Patch 1 fixes memory ordering for all value-returning BPF atomic RMW operations
emitted by the LoongArch bpf JIT. Per LKMM, value-returning atomic RMW must
provide sequentially consistent ordering. Plain AMO instructions and bare
ll/sc loops on LoongArch do not satisfy this by themselves:
- BPF_FETCH (ADD/AND/OR/XOR): switch to am*_db.{b,h,w,d}
- BPF_XCHG: switch to amswap_db.{b,h,w,d}
- BPF_CMPXCHG: emit dbar 0x700 after the ll/sc loop, matching
__WEAK_LLSC_MB in cmpxchg.h
Non-value-returning RMW ops (plain BPF_ADD, BPF_AND, etc.) remain weakly
ordered, consistent with LKMM. This fix is independent of kptr inlining and
benefits all BPF programs using value-returning atomics on LoongArch.
Patch 2 implements bpf_jit_supports_ptr_xchg() so the verifier may inline
bpf_kptr_xchg() on LoongArch64.
Patches 3 and 4 extend bpf selftests: functional coverage via kptr_xchg_inline,
and an optional kptr-xchg benchmark to compare helper vs inlined paths.
Chenguang Zhao (4):
LoongArch: bpf: Fix memory ordering for value-returning atomics
LoongArch: bpf: Advertise JIT support for kptr xchg inline
selftests/bpf: Enable kptr_xchg_inline test on LoongArch
selftests/bpf: Add kptr-xchg benchmark
arch/loongarch/include/asm/inst.h | 18 ++++
arch/loongarch/net/bpf_jit.c | 37 ++++---
tools/testing/selftests/bpf/Makefile | 2 +
tools/testing/selftests/bpf/bench.c | 2 +
.../selftests/bpf/benchs/bench_kptr_xchg.c | 96 +++++++++++++++++++
.../bpf/prog_tests/kptr_xchg_inline.c | 3 +-
.../selftests/bpf/progs/kptr_xchg_bench.c | 49 ++++++++++
7 files changed, 192 insertions(+), 15 deletions(-)

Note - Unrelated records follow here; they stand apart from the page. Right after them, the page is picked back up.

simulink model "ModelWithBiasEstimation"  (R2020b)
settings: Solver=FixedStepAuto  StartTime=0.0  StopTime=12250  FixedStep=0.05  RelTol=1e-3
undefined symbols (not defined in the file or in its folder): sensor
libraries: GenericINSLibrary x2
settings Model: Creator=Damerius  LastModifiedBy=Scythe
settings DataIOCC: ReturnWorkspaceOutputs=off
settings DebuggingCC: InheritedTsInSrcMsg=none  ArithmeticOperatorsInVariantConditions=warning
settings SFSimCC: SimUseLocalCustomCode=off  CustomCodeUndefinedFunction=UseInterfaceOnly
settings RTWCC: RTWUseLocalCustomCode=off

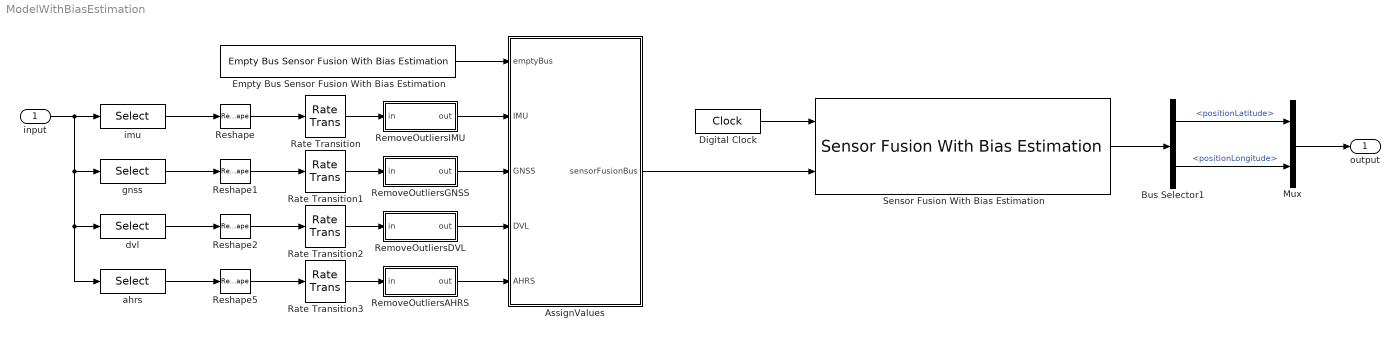
== system ModelWithBiasEstimation ==
  input : Inport
  AssignValues : Subsystem
  Bus Selector1 : BusSelector  OutputSignals=state.positionLatitude,state.positionLongitude
  Digital Clock : DigitalClock  SampleTime=0.05
  Empty Bus Sensor Fusion With Bias Estimation : GenericINSLibrary/Empty Bus Sensor Fusion With Bias Estimation
      settings: SourceProductName=Generic INS
  Mux : Mux  Inputs=2
  Rate Transition{,1..3} (4 alike) : RateTransition  Integrity=off  Deterministic=off  OutPortSampleTime=0.05
  RemoveOutliersAHRS : Subsystem
  RemoveOutliersDVL : Subsystem
  RemoveOutliersGNSS : Subsystem
  RemoveOutliersIMU : Subsystem
  Reshape : Reshape  OutputDimensionality=Customize  OutputDimensions=[7,1]
  Reshape1 : Reshape  OutputDimensionality=Customize  OutputDimensions=[4,1]
  Reshape2 : Reshape  OutputDimensionality=Customize  OutputDimensions=[4,1]
  Reshape5 : Reshape  OutputDimensionality=Customize  OutputDimensions=[4,1]
  Sensor Fusion With Bias Estimation : GenericINSLibrary/Sensor Fusion With Bias Estimation
      settings: SourceProductName=Generic INS
  ahrs : Selector  InputPortWidth=19  IndexOptions=Index vector (dialog)  Indices=16:19  OutputSizes=1
  dvl : Selector  InputPortWidth=19  IndexOptions=Index vector (dialog)  Indices=12:15  OutputSizes=1
  gnss : Selector  InputPortWidth=19  IndexOptions=Index vector (dialog)  Indices=8:11  OutputSizes=1
  imu : Selector  InputPortWidth=19  IndexOptions=Index vector (dialog)  Indices=1:7  OutputSizes=1
  output : Outport  VectorParamsAs1DForOutWhenUnconnected=off
  wires:
  input/1 -> imu/1, ahrs/1, dvl/1, gnss/1
  Mux/1 -> output/1
  Rate Transition1/1 -> RemoveOutliersGNSS/1(in)
  Rate Transition2/1 -> RemoveOutliersDVL/1(in)
  Rate Transition3/1 -> RemoveOutliersAHRS/1(in)
  ahrs/1 -> Reshape5/1
  Rate Transition/1 -> RemoveOutliersIMU/1(in)
  Digital Clock/1 -> Sensor Fusion With Bias Estimation/1
  Sensor Fusion With Bias Estimation/1 -> Bus Selector1/1
  Bus Selector1/1 -> Mux/1  "<positionLatitude>"
  Bus Selector1/2 -> Mux/2  "<positionLongitude>"
  Empty Bus Sensor Fusion With Bias Estimation/1 -> AssignValues/1(emptyBus)
  RemoveOutliersIMU/1(out) -> AssignValues/2(IMU)
  RemoveOutliersGNSS/1(out) -> AssignValues/3(GNSS)
  RemoveOutliersDVL/1(out) -> AssignValues/4(DVL)
  RemoveOutliersAHRS/1(out) -> AssignValues/5(AHRS)
  AssignValues/1(sensorFusionBus) -> Sensor Fusion With Bias Estimation/2
  Reshape5/1 -> Rate Transition3/1
  Reshape/1 -> Rate Transition/1
  imu/1 -> Reshape/1
  gnss/1 -> Reshape1/1
  dvl/1 -> Reshape2/1
  Reshape2/1 -> Rate Transition2/1
  Reshape1/1 -> Rate Transition1/1

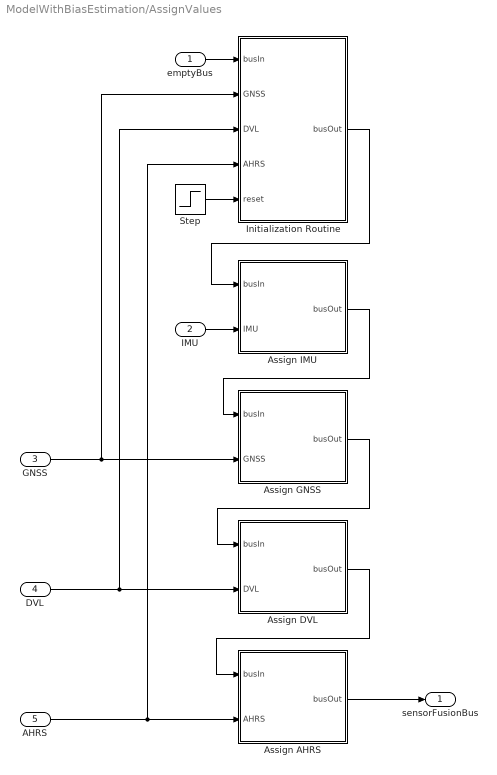
== system ModelWithBiasEstimation/AssignValues ==
  emptyBus : Inport
  IMU : Inport  Port=2
  GNSS : Inport  Port=3
  DVL : Inport  Port=4
  AHRS : Inport  Port=5
  Assign AHRS : Subsystem
  Assign DVL : Subsystem
  Assign GNSS : Subsystem
  Assign IMU : Subsystem
  Initialization Routine : Subsystem
  Step : Step  Time=0.05  Before=1  After=0
  sensorFusionBus : Outport
  wires:
  emptyBus/1 -> Initialization Routine/1(busIn)
  GNSS/1 -> Initialization Routine/2(GNSS), Assign GNSS/2(GNSS)
  DVL/1 -> Assign DVL/2(DVL), Initialization Routine/3(DVL)
  AHRS/1 -> Assign AHRS/2(AHRS), Initialization Routine/4(AHRS)
  Step/1 -> Initialization Routine/5(reset)
  Initialization Routine/1(busOut) -> Assign IMU/1(busIn)
  IMU/1 -> Assign IMU/2(IMU)
  Assign IMU/1(busOut) -> Assign GNSS/1(busIn)
  Assign GNSS/1(busOut) -> Assign DVL/1(busIn)
  Assign DVL/1(busOut) -> Assign AHRS/1(busIn)
  Assign AHRS/1(busOut) -> sensorFusionBus/1

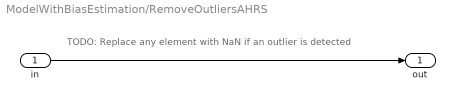
== system ModelWithBiasEstimation/RemoveOutliersAHRS ==
  note: TODO: Replace any element with NaN if an outlier is detected
  in : Inport
  out : Outport  VectorParamsAs1DForOutWhenUnconnected=off
  wires:
  in/1 -> out/1

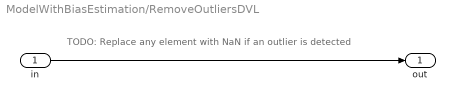
== system ModelWithBiasEstimation/RemoveOutliersDVL ==
  note: TODO: Replace any element with NaN if an outlier is detected
  in : Inport
  out : Outport  VectorParamsAs1DForOutWhenUnconnected=off
  wires:
  in/1 -> out/1

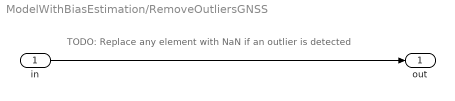
== system ModelWithBiasEstimation/RemoveOutliersGNSS ==
  note: TODO: Replace any element with NaN if an outlier is detected
  in : Inport
  out : Outport  VectorParamsAs1DForOutWhenUnconnected=off
  wires:
  in/1 -> out/1

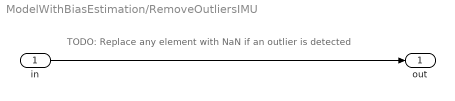
== system ModelWithBiasEstimation/RemoveOutliersIMU ==
  note: TODO: Replace any element with NaN if an outlier is detected
  in : Inport
  out : Outport  VectorParamsAs1DForOutWhenUnconnected=off
  wires:
  in/1 -> out/1

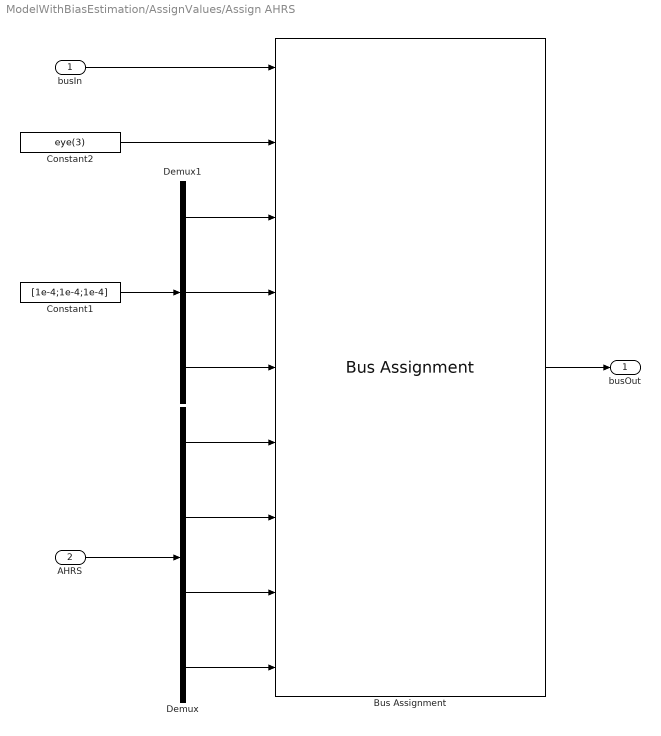
== system ModelWithBiasEstimation/AssignValues/Assign AHRS ==
  busIn : Inport
  AHRS : Inport  Port=2
  Bus Assignment : BusAssignment  AssignedSignals=sensor.AHRS1.alignment.rotationMatrixBodyToSensor,sensor.AHRS1.standardDeviation.roll,sensor.AHRS1.standardDeviation.pitch,sensor.AHRS1.standardDeviation.yaw,sensor.AHRS1.measurement.timestamp,sensor.AHRS1.measurement.roll,sensor.AHRS1.measurement.pitch,sensor.AHRS1.measurement.yaw
  Constant1 : Constant  Value=[1e-4;1e-4;1e-4]
  Constant2 : Constant  Value=eye(3)
  Demux : Demux
  Demux1 : Demux  Outputs=3
  busOut : Outport
  wires:
  AHRS/1 -> Demux/1
  busIn/1 -> Bus Assignment/1
  Bus Assignment/1 -> busOut/1
  Constant1/1 -> Demux1/1
  Constant2/1 -> Bus Assignment/2
  Demux1/3 -> Bus Assignment/5
  Demux1/2 -> Bus Assignment/4
  Demux1/1 -> Bus Assignment/3
  Demux/4 -> Bus Assignment/9
  Demux/3 -> Bus Assignment/8
  Demux/2 -> Bus Assignment/7
  Demux/1 -> Bus Assignment/6

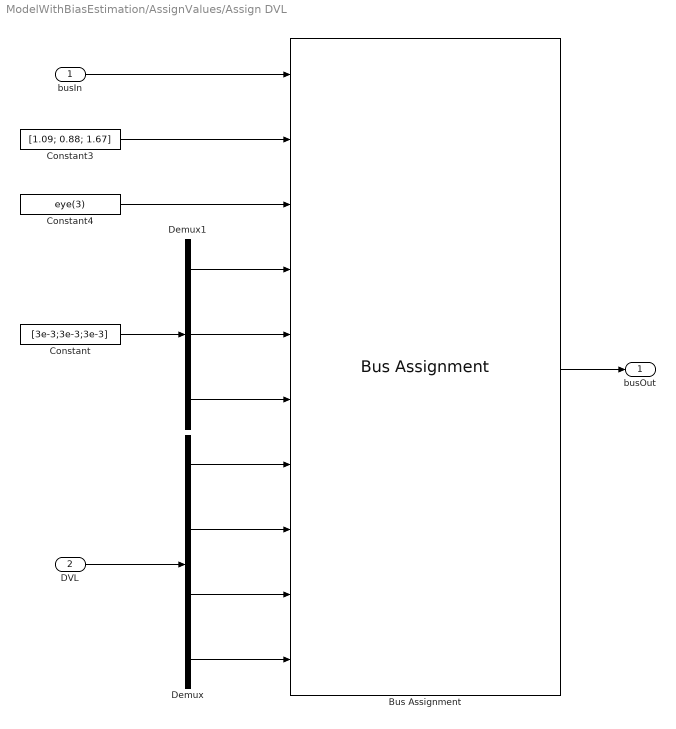
== system ModelWithBiasEstimation/AssignValues/Assign DVL ==
  busIn : Inport
  DVL : Inport  Port=2
  Bus Assignment : BusAssignment  AssignedSignals=sensor.VelocityXYZ1.alignment.positionBodyToSensor,sensor.VelocityXYZ1.alignment.rotationMatrixBodyToSensor,sensor.VelocityXYZ1.standardDeviation.velocityX,sensor.VelocityXYZ1.standardDeviation.velocityY,sensor.VelocityXYZ1.standardDeviation.velocityZ,sensor.VelocityXYZ1.measurement.timestamp,sensor.VelocityXYZ1.measurement.velocityX,sensor.VelocityXYZ1.measurement.velocityY,sensor.VelocityXYZ1.measurement.velocityZ
  Constant : Constant  Value=[3e-3;3e-3;3e-3]
  Constant3 : Constant  Value=[1.09; 0.88; 1.67]
  Constant4 : Constant  Value=eye(3)
  Demux : Demux
  Demux1 : Demux  Outputs=3
  busOut : Outport
  wires:
  Constant/1 -> Demux1/1
  Bus Assignment/1 -> busOut/1
  busIn/1 -> Bus Assignment/1
  DVL/1 -> Demux/1
  Constant3/1 -> Bus Assignment/2
  Constant4/1 -> Bus Assignment/3
  Demux1/1 -> Bus Assignment/4
  Demux1/2 -> Bus Assignment/5
  Demux1/3 -> Bus Assignment/6
  Demux/1 -> Bus Assignment/7
  Demux/2 -> Bus Assignment/8
  Demux/3 -> Bus Assignment/9
  Demux/4 -> Bus Assignment/10

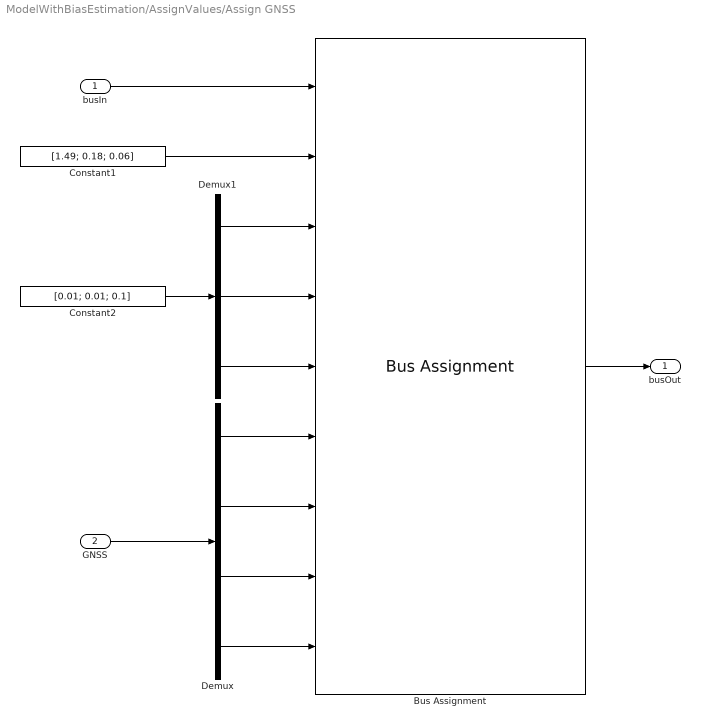
== system ModelWithBiasEstimation/AssignValues/Assign GNSS ==
  busIn : Inport
  GNSS : Inport  Port=2
  Bus Assignment : BusAssignment  AssignedSignals=sensor.GNSS1.alignment.positionBodyToSensor,sensor.GNSS1.standardDeviation.north,sensor.GNSS1.standardDeviation.east,sensor.GNSS1.standardDeviation.down,sensor.GNSS1.measurement.timestamp,sensor.GNSS1.measurement.latitude,sensor.GNSS1.measurement.longitude,sensor.GNSS1.measurement.altitude
  Constant1 : Constant  Value=[1.49; 0.18; 0.06]
  Constant2 : Constant  Value=[0.01; 0.01; 0.1]
  Demux : Demux
  Demux1 : Demux  Outputs=3
  busOut : Outport
  wires:
  GNSS/1 -> Demux/1
  busIn/1 -> Bus Assignment/1
  Bus Assignment/1 -> busOut/1
  Demux/4 -> Bus Assignment/9
  Demux/3 -> Bus Assignment/8
  Demux/2 -> Bus Assignment/7
  Demux/1 -> Bus Assignment/6
  Demux1/1 -> Bus Assignment/3
  Demux1/2 -> Bus Assignment/4
  Demux1/3 -> Bus Assignment/5
  Constant1/1 -> Bus Assignment/2
  Constant2/1 -> Demux1/1

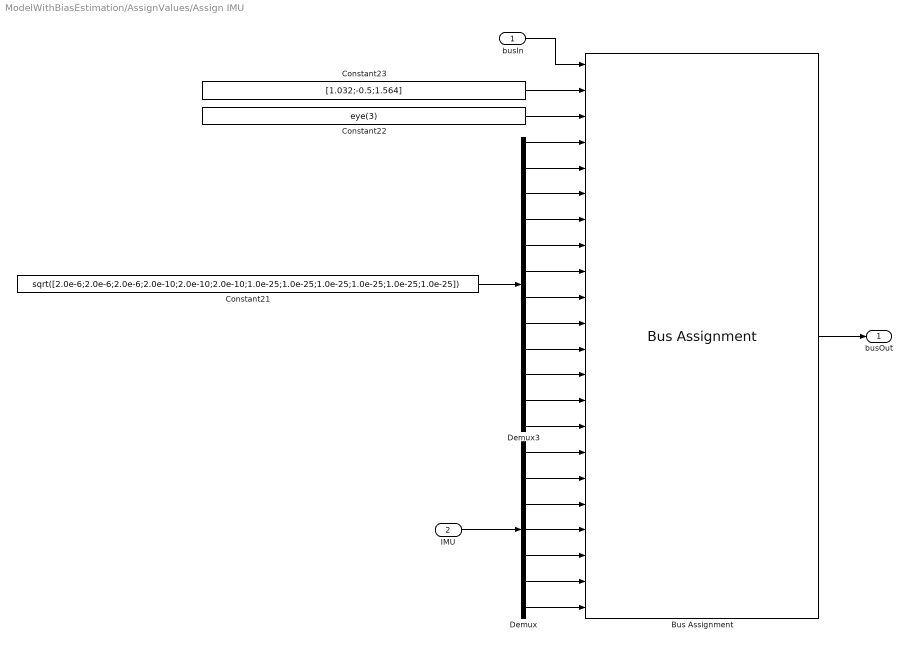
== system ModelWithBiasEstimation/AssignValues/Assign IMU ==
  busIn : Inport
  IMU : Inport  Port=2
  Bus Assignment : BusAssignment  AssignedSignals=sensor.IMU.alignment.positionBodyToSensor,sensor.IMU.alignment.rotationMatrixBodyToSensor,sensor.IMU.standardDeviation.accelerationX,sensor.IMU.standardDeviation.accelerationY,sensor.IMU.standardDeviation.accelerationZ,sensor.IMU.standardDeviation.angularRateX,sensor.IMU.standardDeviation.angularRateY,sensor.IMU.standardDeviation.angularRateZ,sensor.IMU.standardDeviation.biasAccelerationX,sensor.IMU.standardDeviation.biasAccelerationY,sensor.IMU.standardDeviation.biasAccelerationZ,sensor.IMU.standardDeviation.biasAngularRateX,sensor.IMU.standardDeviation.biasAngularRateY,sensor.IMU.standardDeviation.biasAngularRateZ,sensor.IMU.measurement.timestamp,sensor.IMU.measurement.accelerationX,sensor.IMU.measurement.accelerationY,sensor.IMU.measurement.accelerationZ,sensor.IMU.measurement.angularRateX,sensor.IMU.measurement.angularRateY,sensor.IMU.measurement.angularRateZ
  Constant21 : Constant  Value=sqrt([2.0e-6;2.0e-6;2.0e-6;2.0e-10;2.0e-10;2.0e-10;1.0e-25;1.0e-25;1.0e-25;1.0e-25;1.0e-25;1.0e-25])
  Constant22 : Constant  Value=eye(3)
  Constant23 : Constant  Value=[1.032;-0.5;1.564]
  Demux : Demux  Outputs=7
  Demux3 : Demux  Outputs=12
  busOut : Outport
  wires:
  Bus Assignment/1 -> busOut/1
  busIn/1 -> Bus Assignment/1
  IMU/1 -> Demux/1
  Constant23/1 -> Bus Assignment/2
  Constant22/1 -> Bus Assignment/3
  Demux3/9 -> Bus Assignment/12
  Demux3/10 -> Bus Assignment/13
  Demux3/8 -> Bus Assignment/11
  Demux3/11 -> Bus Assignment/14
  Demux3/7 -> Bus Assignment/10
  Demux3/12 -> Bus Assignment/15
  Demux3/6 -> Bus Assignment/9
  Demux3/5 -> Bus Assignment/8
  Demux3/4 -> Bus Assignment/7
  Demux3/3 -> Bus Assignment/6
  Demux3/2 -> Bus Assignment/5
  Demux3/1 -> Bus Assignment/4
  Constant21/1 -> Demux3/1
  Demux/3 -> Bus Assignment/18
  Demux/2 -> Bus Assignment/17
  Demux/4 -> Bus Assignment/19
  Demux/1 -> Bus Assignment/16
  Demux/5 -> Bus Assignment/20
  Demux/6 -> Bus Assignment/21
  Demux/7 -> Bus Assignment/22

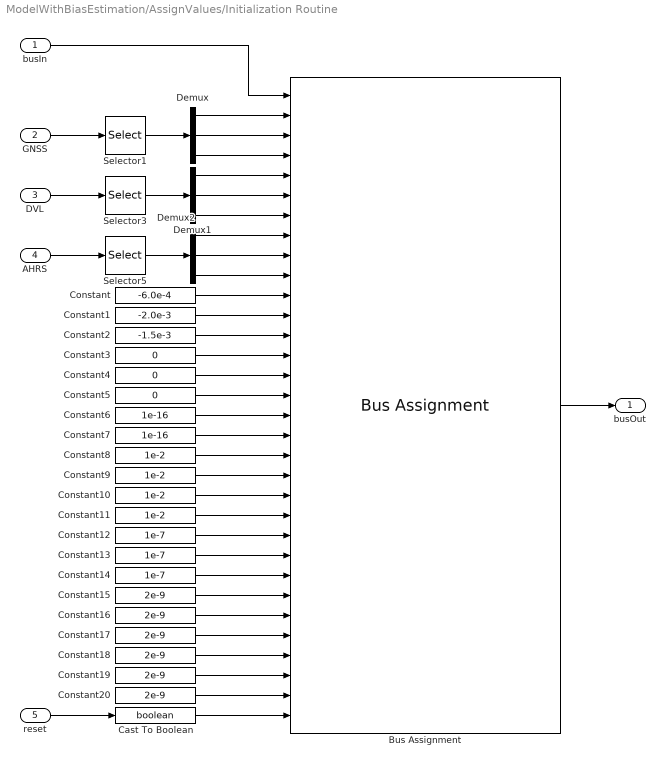
== system ModelWithBiasEstimation/AssignValues/Initialization Routine ==
  busIn : Inport
  GNSS : Inport  Port=2
  DVL : Inport  Port=3
  AHRS : Inport  Port=4
  reset : Inport  Port=5
  Bus Assignment : BusAssignment  AssignedSignals=initialization.initialState.latitude,initialization.initialState.longitude,initialization.initialState.altitude,initialization.initialState.velocityU,initialization.initialState.velocityV,initialization.initialState.velocityW,initialization.initialState.roll,initialization.initialState.pitch,initialization.initialState.yaw,initialization.initialState.biasAccelerationX,initialization.initialState.biasAccelerationY,initialization.initialState.biasAccelerationN,initialization.initialState.biasAngularRateX,initialization.initialState.biasAngularRateY,initialization.initialState.biasAngularRateZ,initialization.initialStandardDeviation.latitude,initialization.initialStandardDeviation.longitude,initialization.initialStandardDeviation.altitude,initialization.initialStandardDeviation.velocityU,initialization.initialStandardDeviation.velocityV,initialization.initialStandardDeviation.velocityW,initialization.initialStandardDeviation.orientationVectorX,initialization.initialStandardDeviation.orientationVectorY,initialization.initialStandardDeviation.orientationVectorZ,initialization.initialStandardDeviation.biasAccelerationX,initialization.initialStandardDeviation.biasAccelerationY,initialization.initialStandardDeviation.biasAccelerationN,initialization.initialStandardDeviation.biasAngularRateX,initialization.initialStandardDeviation.biasAngularRateY,initialization.initialStandardDeviation.biasAngularRateZ,initialization.reset
  Cast To Boolean : DataTypeConversion  OutDataTypeStr=boolean
  Constant : Constant  Value=-6.0e-4
  Constant1 : Constant  Value=-2.0e-3
  Constant{8..11} (4 alike) : Constant  Value=1e-2
  Constant12 : Constant  Value=1e-7
  Constant13 : Constant  Value=1e-7
  Constant14 : Constant  Value=1e-7
  Constant{15..20} (6 alike) : Constant  Value=2e-9
  Constant2 : Constant  Value=-1.5e-3
  Constant3 : Constant  Value=0
  Constant4 : Constant  Value=0
  Constant5 : Constant  Value=0
  Constant6 : Constant  Value=1e-16
  Constant7 : Constant  Value=1e-16
  Demux : Demux  Outputs=3
  Demux1 : Demux  Outputs=3
  Demux2 : Demux  Outputs=3
  Selector1 : Selector  InputPortWidth=4  IndexOptions=Index vector (dialog)  Indices=2:4  OutputSizes=1
  Selector3 : Selector  InputPortWidth=4  IndexOptions=Index vector (dialog)  Indices=2:4  OutputSizes=1
  Selector5 : Selector  InputPortWidth=4  IndexOptions=Index vector (dialog)  Indices=2:4  OutputSizes=1
  busOut : Outport
  wires:
  GNSS/1 -> Selector1/1
  DVL/1 -> Selector3/1
  AHRS/1 -> Selector5/1
  busIn/1 -> Bus Assignment/1
  Demux/2 -> Bus Assignment/3
  Demux/1 -> Bus Assignment/2
  Demux/3 -> Bus Assignment/4
  Selector1/1 -> Demux/1
  Demux1/3 -> Bus Assignment/7
  Demux1/2 -> Bus Assignment/6
  Demux1/1 -> Bus Assignment/5
  Selector3/1 -> Demux1/1
  Demux2/2 -> Bus Assignment/9
  Demux2/3 -> Bus Assignment/10
  Demux2/1 -> Bus Assignment/8
  Selector5/1 -> Demux2/1
  Constant/1 -> Bus Assignment/11
  Constant1/1 -> Bus Assignment/12
  Constant2/1 -> Bus Assignment/13
  Constant3/1 -> Bus Assignment/14
  Constant4/1 -> Bus Assignment/15
  Constant5/1 -> Bus Assignment/16
  Constant6/1 -> Bus Assignment/17
  Constant7/1 -> Bus Assignment/18
  Constant8/1 -> Bus Assignment/19
  Constant9/1 -> Bus Assignment/20
  Constant10/1 -> Bus Assignment/21
  Constant11/1 -> Bus Assignment/22
  Constant12/1 -> Bus Assignment/23
  Constant13/1 -> Bus Assignment/24
  Constant14/1 -> Bus Assignment/25
  Constant15/1 -> Bus Assignment/26
  Constant16/1 -> Bus Assignment/27
  Constant17/1 -> Bus Assignment/28
  Constant18/1 -> Bus Assignment/29
  Constant19/1 -> Bus Assignment/30
  Constant20/1 -> Bus Assignment/31
  reset/1 -> Cast To Boolean/1
  Bus Assignment/1 -> busOut/1
  Cast To Boolean/1 -> Bus Assignment/32

create mode 100644 tools/testing/selftests/bpf/benchs/bench_kptr_xchg.c
create mode 100644 tools/testing/selftests/bpf/progs/kptr_xchg_bench.c
---
v3:
- Expand the JIT ordering fix beyond BPF_XCHG w/d to all value-returning
atomic RMW ops (BPF_FETCH, BPF_XCHG, BPF_CMPXCHG), using barrier-carrying
AMO variants and dbar after ll/sc as required by LKMM.
- Add __btf_root() in the benchmark BPF program so bpf_obj_drop() remains
visible to libbpf's kfunc linker when bpf_kptr_xchg() is inlined.
v2:
-
https://lore.kernel.org/all/[email protected]/
v1:
- https://lore.kernel.org/all/[email protected]/
--
2.25.1